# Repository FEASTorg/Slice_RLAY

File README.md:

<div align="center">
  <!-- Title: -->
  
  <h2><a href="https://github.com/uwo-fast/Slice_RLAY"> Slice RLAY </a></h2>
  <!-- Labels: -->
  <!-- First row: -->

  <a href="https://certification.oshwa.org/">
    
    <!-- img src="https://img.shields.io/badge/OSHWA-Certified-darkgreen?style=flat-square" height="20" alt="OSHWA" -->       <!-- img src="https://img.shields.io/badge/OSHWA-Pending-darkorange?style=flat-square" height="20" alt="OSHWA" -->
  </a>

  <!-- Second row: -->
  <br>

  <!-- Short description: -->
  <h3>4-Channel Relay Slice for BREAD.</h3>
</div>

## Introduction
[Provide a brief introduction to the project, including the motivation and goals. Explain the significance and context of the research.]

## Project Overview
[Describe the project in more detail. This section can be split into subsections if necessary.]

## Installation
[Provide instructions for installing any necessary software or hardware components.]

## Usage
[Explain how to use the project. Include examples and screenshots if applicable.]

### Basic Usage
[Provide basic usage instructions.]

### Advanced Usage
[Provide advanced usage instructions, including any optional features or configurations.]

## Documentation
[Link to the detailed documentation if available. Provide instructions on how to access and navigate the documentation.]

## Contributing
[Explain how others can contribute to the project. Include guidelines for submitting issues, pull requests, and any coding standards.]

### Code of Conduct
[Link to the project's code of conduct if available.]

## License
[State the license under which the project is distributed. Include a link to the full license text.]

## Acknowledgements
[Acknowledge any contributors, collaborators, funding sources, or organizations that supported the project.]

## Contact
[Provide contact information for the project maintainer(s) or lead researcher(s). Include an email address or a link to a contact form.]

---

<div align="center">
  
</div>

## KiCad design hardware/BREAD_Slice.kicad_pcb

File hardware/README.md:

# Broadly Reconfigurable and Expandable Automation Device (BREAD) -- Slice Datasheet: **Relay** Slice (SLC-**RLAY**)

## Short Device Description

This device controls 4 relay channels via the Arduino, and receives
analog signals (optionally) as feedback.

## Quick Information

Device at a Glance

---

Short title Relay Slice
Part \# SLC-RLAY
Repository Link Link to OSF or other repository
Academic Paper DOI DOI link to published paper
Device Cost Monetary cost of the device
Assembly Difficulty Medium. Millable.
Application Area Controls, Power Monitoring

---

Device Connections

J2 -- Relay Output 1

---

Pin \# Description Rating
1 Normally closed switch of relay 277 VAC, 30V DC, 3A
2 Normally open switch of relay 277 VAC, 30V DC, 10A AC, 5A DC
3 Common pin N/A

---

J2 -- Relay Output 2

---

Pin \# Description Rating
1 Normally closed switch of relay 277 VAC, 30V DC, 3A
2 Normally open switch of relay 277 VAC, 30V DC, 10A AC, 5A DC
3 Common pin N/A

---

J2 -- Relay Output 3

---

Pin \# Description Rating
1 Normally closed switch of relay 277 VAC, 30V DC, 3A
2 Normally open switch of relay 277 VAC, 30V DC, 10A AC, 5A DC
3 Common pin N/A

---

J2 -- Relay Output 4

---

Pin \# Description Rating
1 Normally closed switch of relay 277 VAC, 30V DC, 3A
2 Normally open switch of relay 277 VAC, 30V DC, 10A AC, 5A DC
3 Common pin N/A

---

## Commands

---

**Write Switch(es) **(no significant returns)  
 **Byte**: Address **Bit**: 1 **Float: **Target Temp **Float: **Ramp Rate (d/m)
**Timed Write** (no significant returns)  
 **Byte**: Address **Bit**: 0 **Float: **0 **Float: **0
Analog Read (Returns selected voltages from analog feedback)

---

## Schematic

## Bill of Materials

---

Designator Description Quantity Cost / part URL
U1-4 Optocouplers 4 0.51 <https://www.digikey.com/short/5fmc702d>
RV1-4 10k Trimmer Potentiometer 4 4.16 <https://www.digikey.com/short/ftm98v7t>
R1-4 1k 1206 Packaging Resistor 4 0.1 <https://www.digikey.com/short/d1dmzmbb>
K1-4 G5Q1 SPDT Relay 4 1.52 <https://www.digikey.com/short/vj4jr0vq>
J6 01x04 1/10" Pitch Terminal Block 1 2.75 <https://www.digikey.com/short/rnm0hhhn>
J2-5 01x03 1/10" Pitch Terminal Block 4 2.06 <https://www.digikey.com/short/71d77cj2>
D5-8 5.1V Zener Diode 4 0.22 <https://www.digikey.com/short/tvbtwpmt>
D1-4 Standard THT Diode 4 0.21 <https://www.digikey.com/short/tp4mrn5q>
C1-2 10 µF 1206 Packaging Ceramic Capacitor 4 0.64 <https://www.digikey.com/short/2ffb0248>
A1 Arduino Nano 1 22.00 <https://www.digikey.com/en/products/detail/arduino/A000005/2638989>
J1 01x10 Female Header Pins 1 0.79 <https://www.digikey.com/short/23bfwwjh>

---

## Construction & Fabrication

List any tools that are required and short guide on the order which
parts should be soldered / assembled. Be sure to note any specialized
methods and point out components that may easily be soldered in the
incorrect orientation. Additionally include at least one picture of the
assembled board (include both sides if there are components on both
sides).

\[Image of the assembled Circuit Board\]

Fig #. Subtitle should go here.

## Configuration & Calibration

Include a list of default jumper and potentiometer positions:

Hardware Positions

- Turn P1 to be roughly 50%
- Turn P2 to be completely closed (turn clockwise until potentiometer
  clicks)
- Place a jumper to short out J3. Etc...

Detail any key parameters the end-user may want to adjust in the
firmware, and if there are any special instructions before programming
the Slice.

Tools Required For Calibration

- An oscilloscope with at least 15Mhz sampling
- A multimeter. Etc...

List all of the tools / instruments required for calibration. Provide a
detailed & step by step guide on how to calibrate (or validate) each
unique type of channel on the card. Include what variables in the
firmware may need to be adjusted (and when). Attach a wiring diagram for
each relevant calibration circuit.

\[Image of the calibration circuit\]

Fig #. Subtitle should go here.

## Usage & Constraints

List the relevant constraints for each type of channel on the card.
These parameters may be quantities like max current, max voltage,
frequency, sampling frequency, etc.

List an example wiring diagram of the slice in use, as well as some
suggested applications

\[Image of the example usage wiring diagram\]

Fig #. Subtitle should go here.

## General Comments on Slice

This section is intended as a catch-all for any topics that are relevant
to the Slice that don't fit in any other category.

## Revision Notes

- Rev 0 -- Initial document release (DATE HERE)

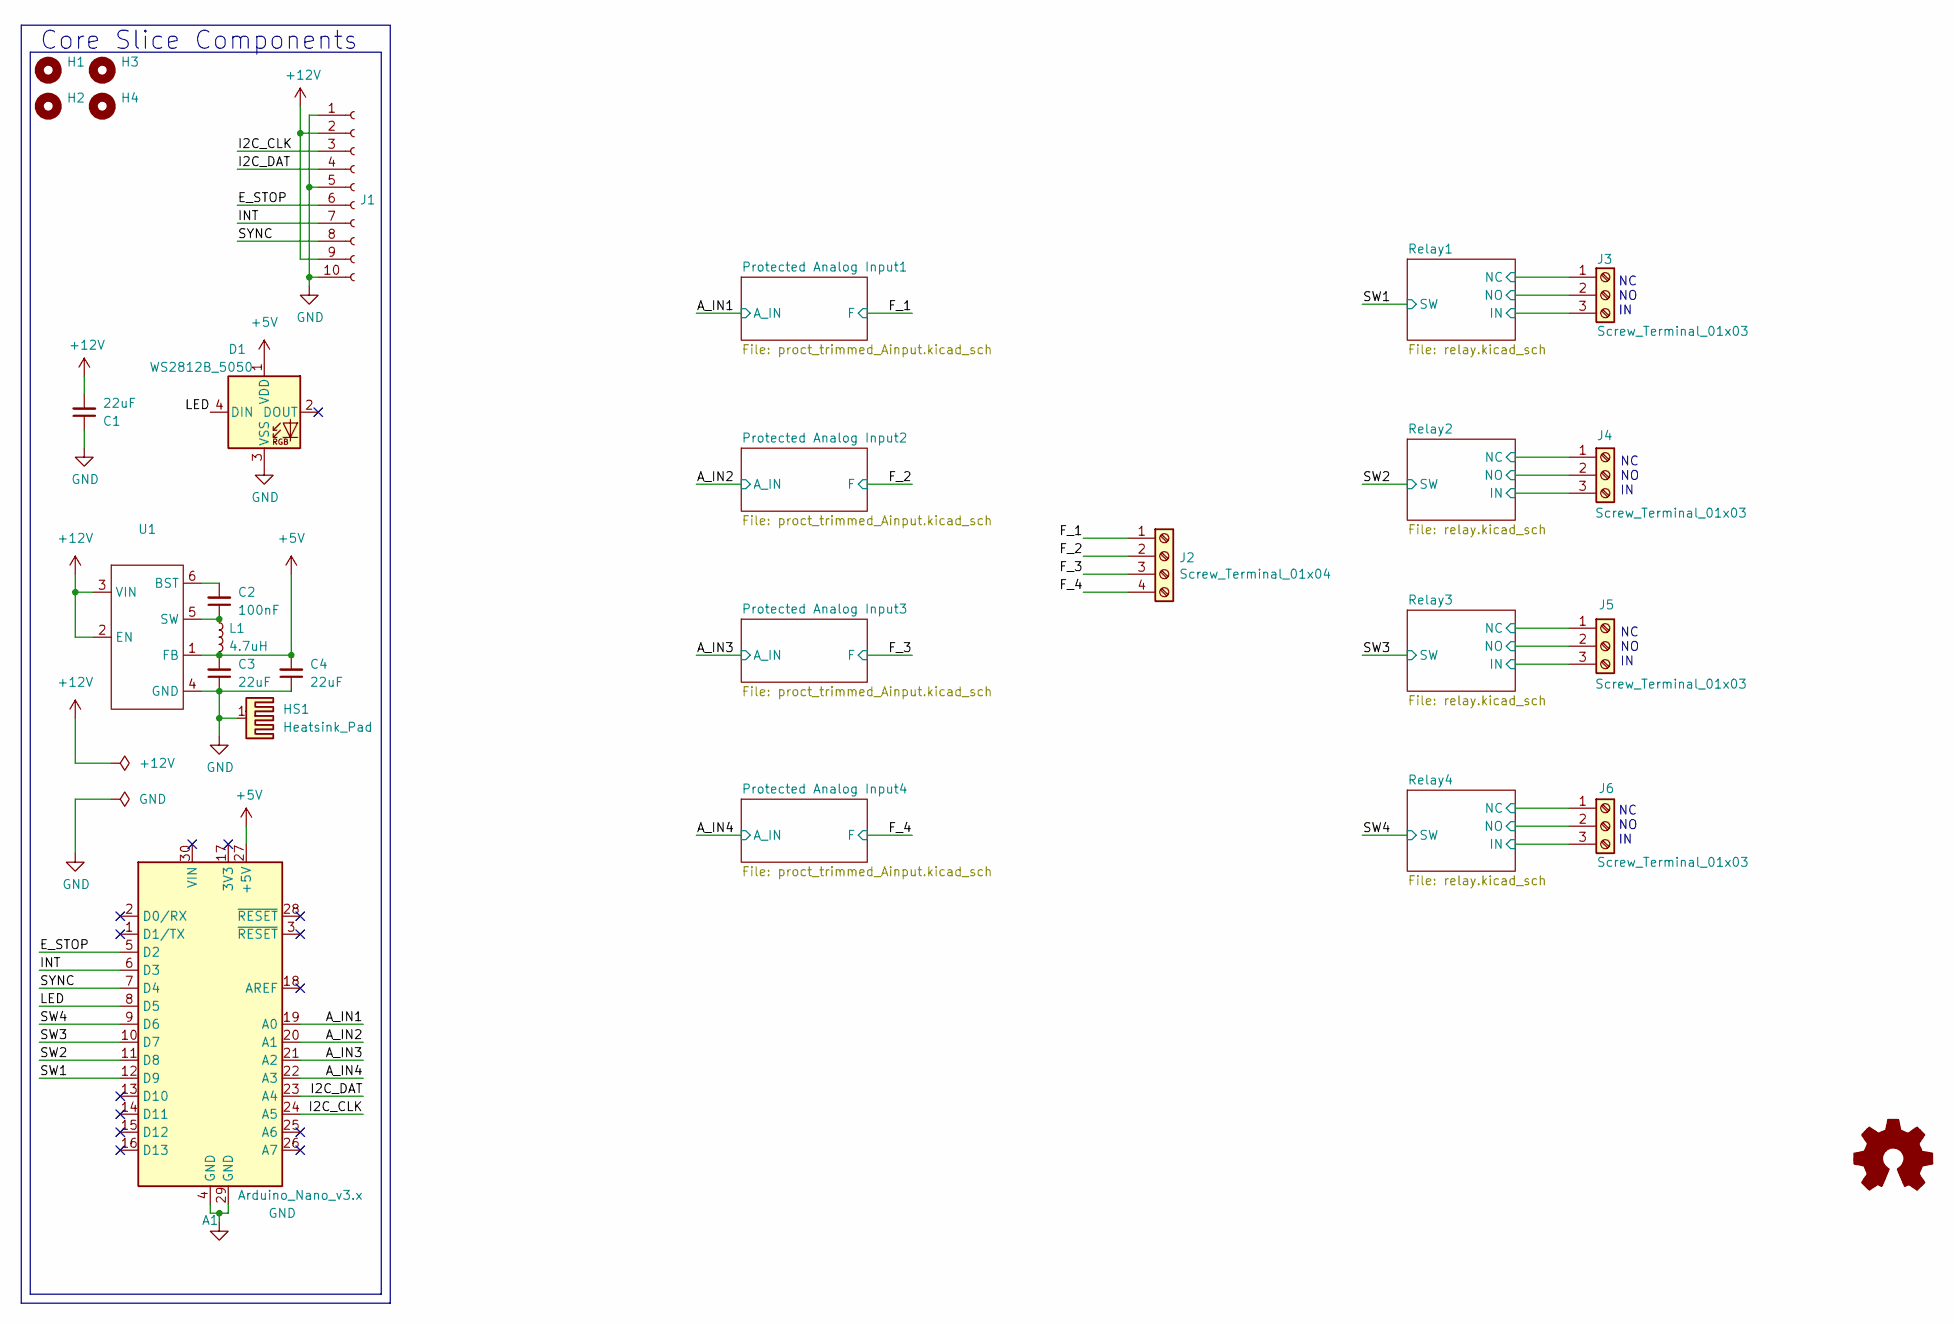
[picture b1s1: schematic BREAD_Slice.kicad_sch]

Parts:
A1: Arduino_Nano_v3.x; Arduino_Nano
C1, C3, C4: 22uF; C_1206_3216Metric
C2: 100nF; C_1206_3216Metric
D1: WS2812B_5050; WS2812-5050-4PIN
H1, H2, H3, H4: MountingHole; MountingHole_5mm
HS1: Heatsink_Pad; Thermal_Pad
J1: Conn_01x10_Female; PinSocket_1x10_P2.54mm_Horizontal
J2: Screw_Terminal_01x04; TerminalBlock_Phoenix_MPT-0,5-4-2.54_1x04_P2.54mm_Horizontal
J3, J4, J5, J6: Screw_Terminal_01x03; TerminalBlock_Phoenix_MKDS-1,5-3-5.08_1x03_P5.08mm_Horizont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
L1: 4.7uH; L_1210_3225Metric
U1: SOIC_05WU-7_DIO

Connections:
+5V: A1.27 (+5V), C3.2, C4.2, D1.1 (VDD), L1.2, U1.1 (FB); also elsewhere on the board
+12V: C1.2, J1.2, J1.9, U1.2 (EN), U1.3 (VIN)
/A_IN1: A1.19 (A0); also elsewhere on the board
/A_IN2: A1.20 (A1); also elsewhere on the board
/A_IN3: A1.21 (A2); also elsewhere on the board
/A_IN4: A1.22 (A3); also elsewhere on the board
/E_STOP: A1.5 (D2), J1.6
/F_1: J2.1; also elsewhere on the board
/F_2: J2.2; also elsewhere on the board
/F_3: J2.3; also elsewhere on the board
/F_4: J2.4; also elsewhere on the board
/I2C_CLK: A1.24 (A5), J1.3; also elsewhere on the board
/I2C_DAT: A1.23 (A4), J1.4; also elsewhere on the board
/INT: A1.6 (D3), J1.7
/LED: A1.8 (D5), D1.4 (DIN)
/Relay1/IN: J3.3; also elsewhere on the board
/Relay1/NC: J3.1; also elsewhere on the board
/Relay1/NO: J3.2; also elsewhere on the board
/Relay2/IN: J4.3; also elsewhere on the board
/Relay2/NC: J4.1; also elsewhere on the board
/Relay2/NO: J4.2; also elsewhere on the board
/Relay3/IN: J5.3; also elsewhere on the board
/Relay3/NC: J5.1; also elsewhere on the board
/Relay3/NO: J5.2; also elsewhere on the board
/Relay4/IN: J6.3; also elsewhere on the board
/Relay4/NC: J6.1; also elsewhere on the board
/Relay4/NO: J6.2; also elsewhere on the board
/SW1: A1.12 (D9); also elsewhere on the board
/SW2: A1.11 (D8); also elsewhere on the board
/SW3: A1.10 (D7); also elsewhere on the board
/SW4: A1.9 (D6); also elsewhere on the board
/SYNC: A1.7 (D4), J1.8
GND: A1.4 (GND), A1.29 (GND), C1.1, C3.1, C4.1, D1.3 (VSS), HS1.1, J1.1, J1.5, J1.10, U1.4 (GND); also elsewhere on the board
unnamed: C2.2, U1.6 (BST)
unnamed: C2.1, L1.1, U1.5 (SW)

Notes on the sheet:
NC NO IN
Core Slice Components

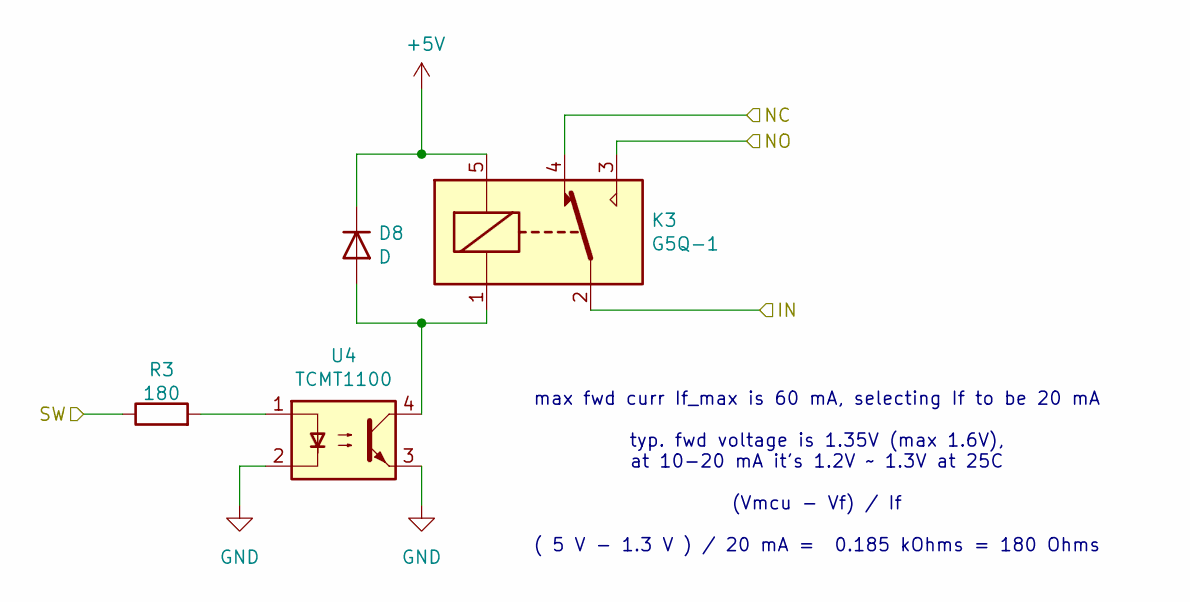
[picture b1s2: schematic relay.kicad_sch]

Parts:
D8: D; D_1206_3216Metric_Pad1.42x1.75mm_HandSolder
K3: G5Q-1; Relay_SPDT_Omron-G5Q-1
R3: 180; R_1206_3216Metric_Pad1.30x1.75mm_HandSolder
U4: TCMT1100; SOP-4_4.4x2.6mm_P1.27mm

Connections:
+5V: D8.1 (K), K3.5; also elsewhere on the board
/Relay3/IN: K3.2; also elsewhere on the board
/Relay3/NC: K3.4; also elsewhere on the board
/Relay3/NO: K3.3; also elsewhere on the board
/SW3: R3.1; also elsewhere on the board
GND: U4.2, U4.3; also elsewhere on the board
unnamed: D8.2 (A), K3.1, U4.4
unnamed: R3.2, U4.1

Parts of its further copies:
D6, D7, D9: D; D_1206_3216Metric_Pad1.42x1.75mm_HandSolder
K1, K2, K4: G5Q-1; Relay_SPDT_Omron-G5Q-1
R1, R2, R4: 180; R_1206_3216Metric_Pad1.30x1.75mm_HandSolder
U2, U3, U5: TCMT1100; SOP-4_4.4x2.6mm_P1.27mm

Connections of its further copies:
+5V: D6.1 (K), D7.1 (K), D9.1 (K), K1.5, K2.5, K4.5; also elsewhere on the board
/Relay1/IN: K1.2; also elsewhere on the board
/Relay1/NC: K1.4; also elsewhere on the board
/Relay1/NO: K1.3; also elsewhere on the board
/Relay2/IN: K2.2; also elsewhere on the board
/Relay2/NC: K2.4; also elsewhere on the board
/Relay2/NO: K2.3; also elsewhere on the board
/Relay4/IN: K4.2; also elsewhere on the board
/Relay4/NC: K4.4; also elsewhere on the board
/Relay4/NO: K4.3; also elsewhere on the board
/SW1: R1.1; also elsewhere on the board
/SW2: R2.1; also elsewhere on the board
/SW4: R4.1; also elsewhere on the board
GND: U2.2, U2.3, U3.2, U3.3, U5.2, U5.3; also elsewhere on the board
unnamed: D6.2 (A), K1.1, U2.4
unnamed: D7.2 (A), K2.1, U3.4
unnamed: D9.2 (A), K4.1, U5.4
unnamed: R1.2, U2.1
unnamed: R2.2, U3.1
unnamed: R4.2, U5.1

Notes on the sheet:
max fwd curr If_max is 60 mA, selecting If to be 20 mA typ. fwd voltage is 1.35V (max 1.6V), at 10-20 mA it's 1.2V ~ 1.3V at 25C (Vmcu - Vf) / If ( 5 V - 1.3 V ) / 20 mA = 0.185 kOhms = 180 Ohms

=====

• _PROMPT_
Check the lines above and copy each one that includes "Float".

• _ANSWER TO THIS TASK_
 **Byte**: Address **Bit**: 1 **Float: **Target Temp **Float: **Ramp Rate (d/m)
 **Byte**: Address **Bit**: 0 **Float: **0 **Float: **0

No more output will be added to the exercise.